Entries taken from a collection
= Beginning of Section =

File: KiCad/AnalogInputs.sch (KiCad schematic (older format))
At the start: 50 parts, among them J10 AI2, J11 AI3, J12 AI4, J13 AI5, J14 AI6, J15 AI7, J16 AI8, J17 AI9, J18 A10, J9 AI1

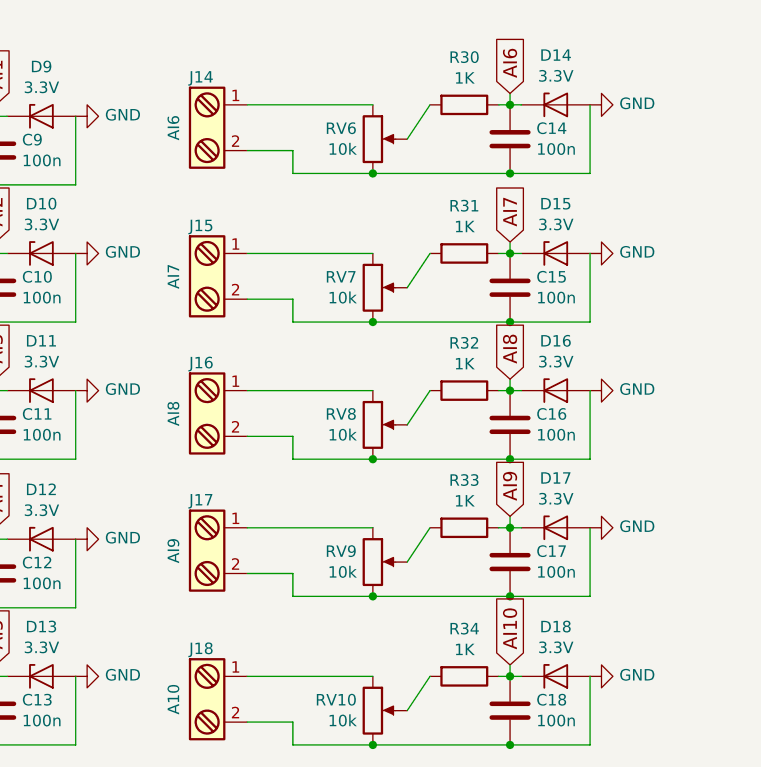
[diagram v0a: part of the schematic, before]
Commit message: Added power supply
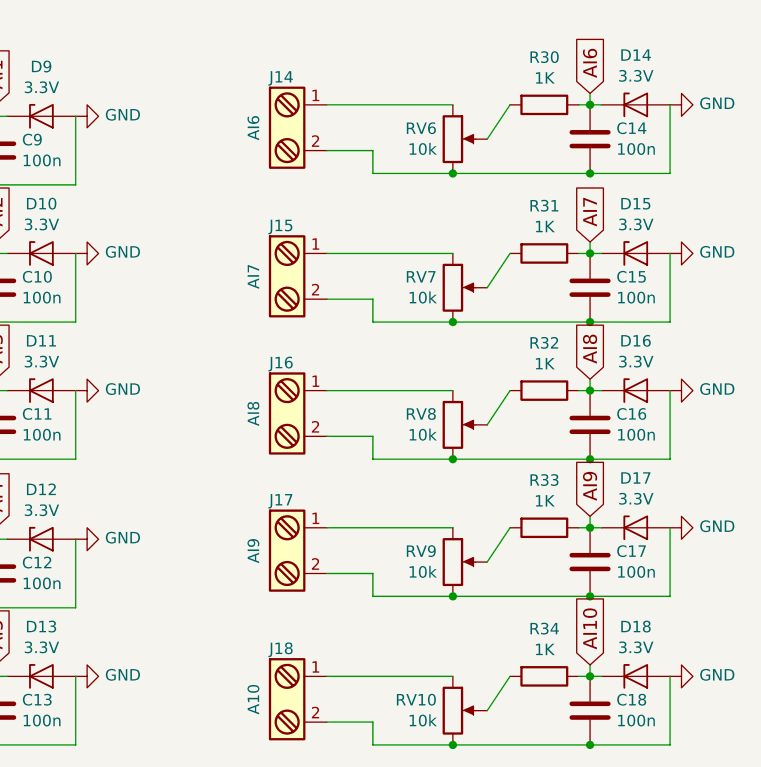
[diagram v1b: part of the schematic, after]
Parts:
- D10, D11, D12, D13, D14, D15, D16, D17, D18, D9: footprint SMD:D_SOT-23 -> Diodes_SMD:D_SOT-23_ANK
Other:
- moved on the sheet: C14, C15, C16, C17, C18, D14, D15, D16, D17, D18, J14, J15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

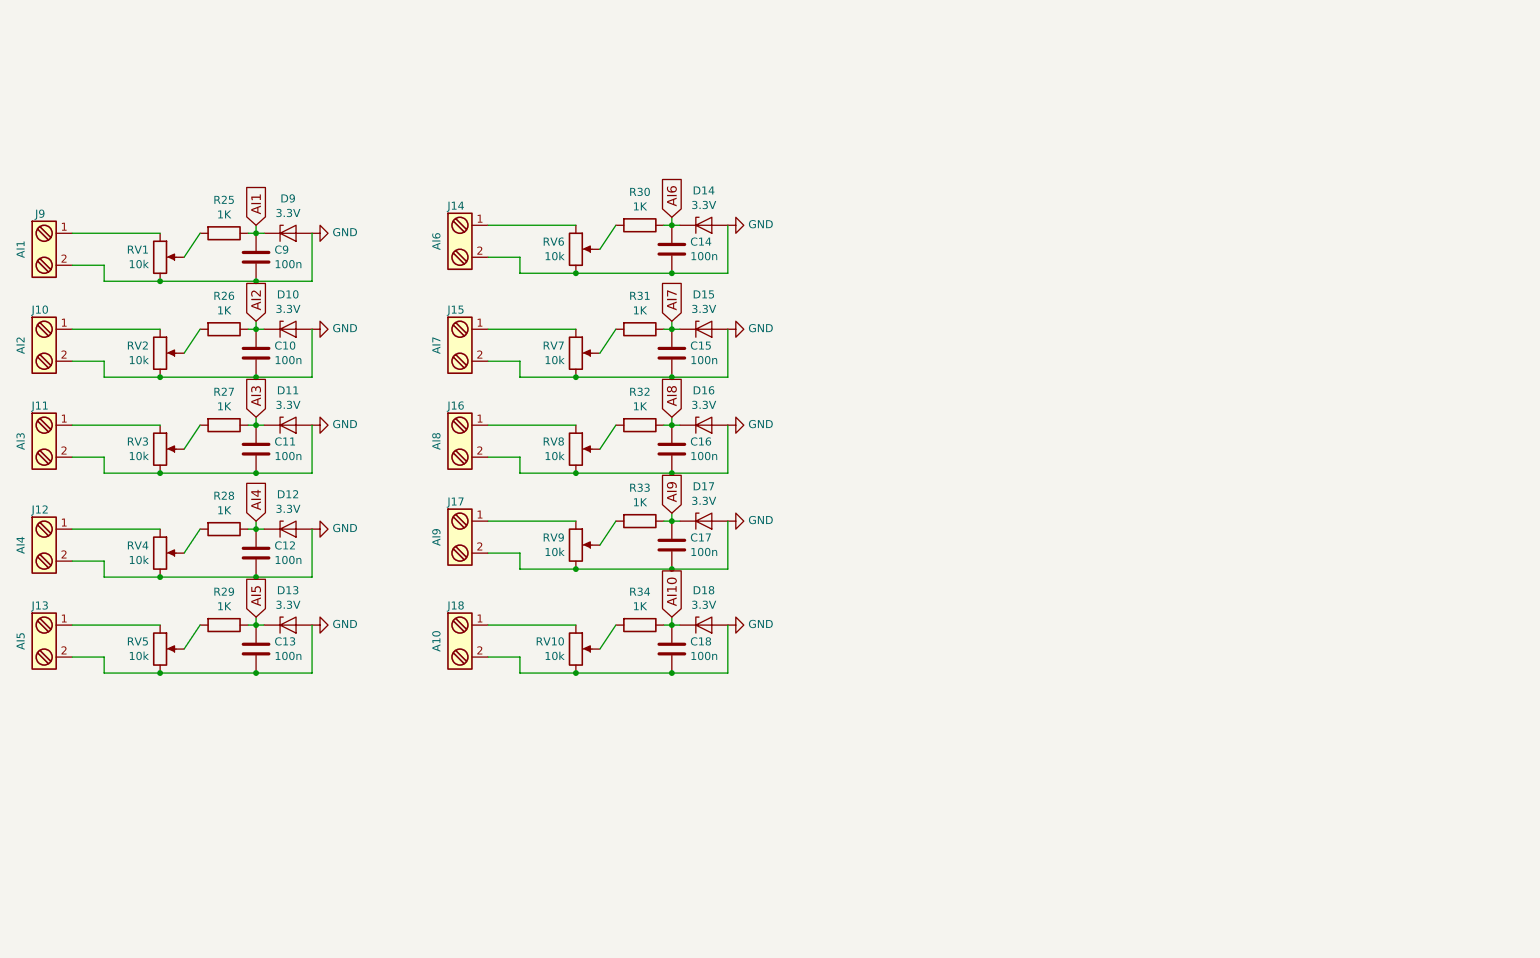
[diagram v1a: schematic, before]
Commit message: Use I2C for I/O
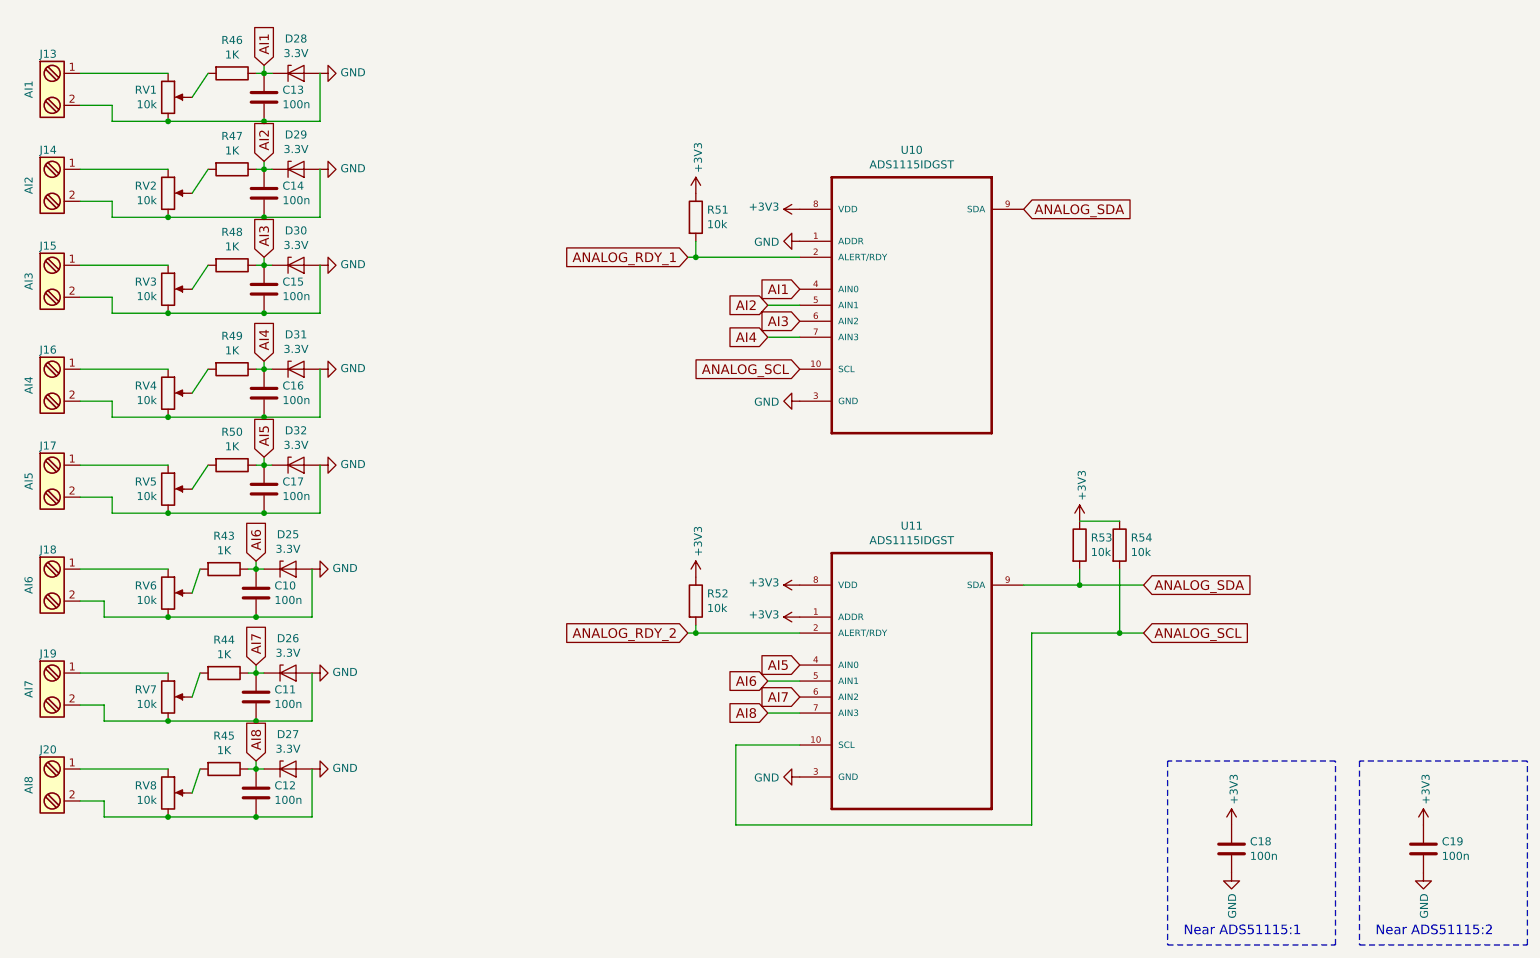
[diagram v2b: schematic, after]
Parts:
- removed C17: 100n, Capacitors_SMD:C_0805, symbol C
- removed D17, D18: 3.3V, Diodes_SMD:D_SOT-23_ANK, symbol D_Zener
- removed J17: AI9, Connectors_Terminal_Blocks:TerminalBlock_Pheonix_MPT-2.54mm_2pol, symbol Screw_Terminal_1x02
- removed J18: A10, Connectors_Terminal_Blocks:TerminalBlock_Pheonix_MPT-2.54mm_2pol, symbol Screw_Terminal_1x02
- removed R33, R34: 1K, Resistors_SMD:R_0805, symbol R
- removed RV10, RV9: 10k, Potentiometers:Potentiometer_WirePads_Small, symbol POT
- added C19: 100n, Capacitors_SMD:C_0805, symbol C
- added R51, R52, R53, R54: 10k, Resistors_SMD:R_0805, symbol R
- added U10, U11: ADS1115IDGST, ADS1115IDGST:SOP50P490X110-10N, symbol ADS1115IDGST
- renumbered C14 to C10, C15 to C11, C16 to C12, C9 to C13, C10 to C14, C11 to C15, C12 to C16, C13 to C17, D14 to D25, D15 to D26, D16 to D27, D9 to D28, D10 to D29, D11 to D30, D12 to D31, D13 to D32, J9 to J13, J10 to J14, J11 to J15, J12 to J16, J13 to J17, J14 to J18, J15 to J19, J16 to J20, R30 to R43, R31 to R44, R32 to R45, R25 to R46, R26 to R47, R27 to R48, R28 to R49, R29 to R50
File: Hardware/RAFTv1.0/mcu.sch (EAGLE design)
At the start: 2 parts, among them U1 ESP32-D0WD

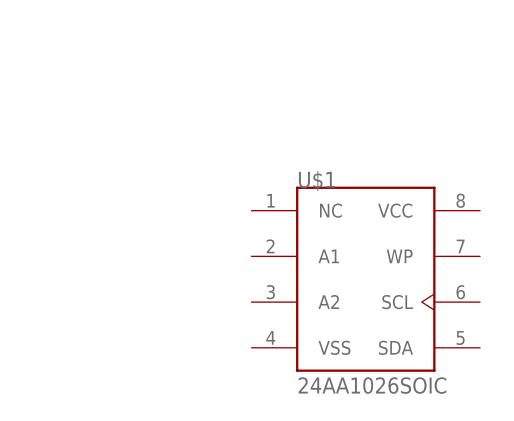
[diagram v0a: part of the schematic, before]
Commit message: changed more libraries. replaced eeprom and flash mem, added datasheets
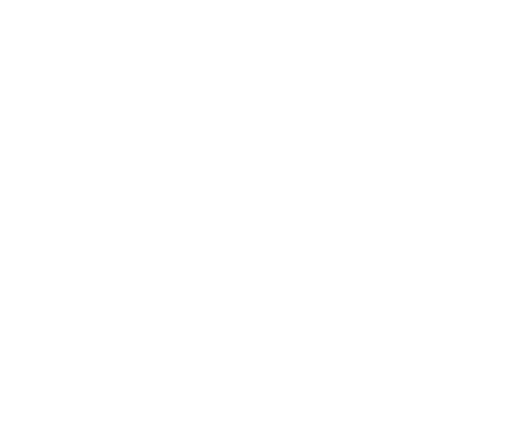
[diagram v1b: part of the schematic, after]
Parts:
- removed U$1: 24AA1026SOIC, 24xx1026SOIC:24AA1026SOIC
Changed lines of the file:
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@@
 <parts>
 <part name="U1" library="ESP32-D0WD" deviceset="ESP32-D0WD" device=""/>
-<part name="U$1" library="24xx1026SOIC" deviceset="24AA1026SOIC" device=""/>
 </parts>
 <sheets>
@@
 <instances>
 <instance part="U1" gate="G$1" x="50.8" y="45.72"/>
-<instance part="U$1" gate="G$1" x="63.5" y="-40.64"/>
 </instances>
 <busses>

= End of Section =

» Goal of the exercise
Without any of the pictures, repeat the entries above word for word.

» Solution for this task
File: KiCad/AnalogInputs.sch (KiCad schematic (older format))
At the start: 50 parts, among them J10 AI2, J11 AI3, J12 AI4, J13 AI5, J14 AI6, J15 AI7, J16 AI8, J17 AI9, J18 A10, J9 AI1

[diagram v0a: part of the schematic, before]
Commit message: Added power supply
[diagram v1b: part of the schematic, after]
Parts:
- D10, D11, D12, D13, D14, D15, D16, D17, D18, D9: footprint SMD:D_SOT-23 -> Diodes_SMD:D_SOT-23_ANK
Other:
- moved on the sheet: C14, C15, C16, C17, C18, D14, D15, D16, D17, D18, J14, J15

[diagram v1a: schematic, before]
Commit message: Use I2C for I/O
[diagram v2b: schematic, after]
Parts:
- removed C17: 100n, Capacitors_SMD:C_0805, symbol C
- removed D17, D18: 3.3V, Diodes_SMD:D_SOT-23_ANK, symbol D_Zener
- removed J17: AI9, Connectors_Terminal_Blocks:TerminalBlock_Pheonix_MPT-2.54mm_2pol, symbol Screw_Terminal_1x02
- removed J18: A10, Connectors_Terminal_Blocks:TerminalBlock_Pheonix_MPT-2.54mm_2pol, symbol Screw_Terminal_1x02
- removed R33, R34: 1K, Resistors_SMD:R_0805, symbol R
- removed RV10, RV9: 10k, Potentiometers:Potentiometer_WirePads_Small, symbol POT
- added C19: 100n, Capacitors_SMD:C_0805, symbol C
- added R51, R52, R53, R54: 10k, Resistors_SMD:R_0805, symbol R
- added U10, U11: ADS1115IDGST, ADS1115IDGST:SOP50P490X110-10N, symbol ADS1115IDGST
- renumbered C14 to C10, C15 to C11, C16 to C12, C9 to C13, C10 to C14, C11 to C15, C12 to C16, C13 to C17, D14 to D25, D15 to D26, D16 to D27, D9 to D28, D10 to D29, D11 to D30, D12 to D31, D13 to D32, J9 to J13, J10 to J14, J11 to J15, J12 to J16, J13 to J17, J14 to J18, J15 to J19, J16 to J20, R30 to R43, R31 to R44, R32 to R45, R25 to R46, R26 to R47, R27 to R48, R28 to R49, R29 to R50
File: Hardware/RAFTv1.0/mcu.sch (EAGLE design)
At the start: 2 parts, among them U1 ESP32-D0WD

[diagram v0a: part of the schematic, before]
Commit message: changed more libraries. replaced eeprom and flash mem, added datasheets
[diagram v1b: part of the schematic, after]
Parts:
- removed U$1: 24AA1026SOIC, 24xx1026SOIC:24AA1026SOIC
Changed lines of the file:
@@
 <parts>
 <part name="U1" library="ESP32-D0WD" deviceset="ESP32-D0WD" device=""/>
-<part name="U$1" library="24xx1026SOIC" deviceset="24AA1026SOIC" device=""/>
 </parts>
 <sheets>
@@
 <instances>
 <instance part="U1" gate="G$1" x="50.8" y="45.72"/>
-<instance part="U$1" gate="G$1" x="63.5" y="-40.64"/>
 </instances>
 <busses>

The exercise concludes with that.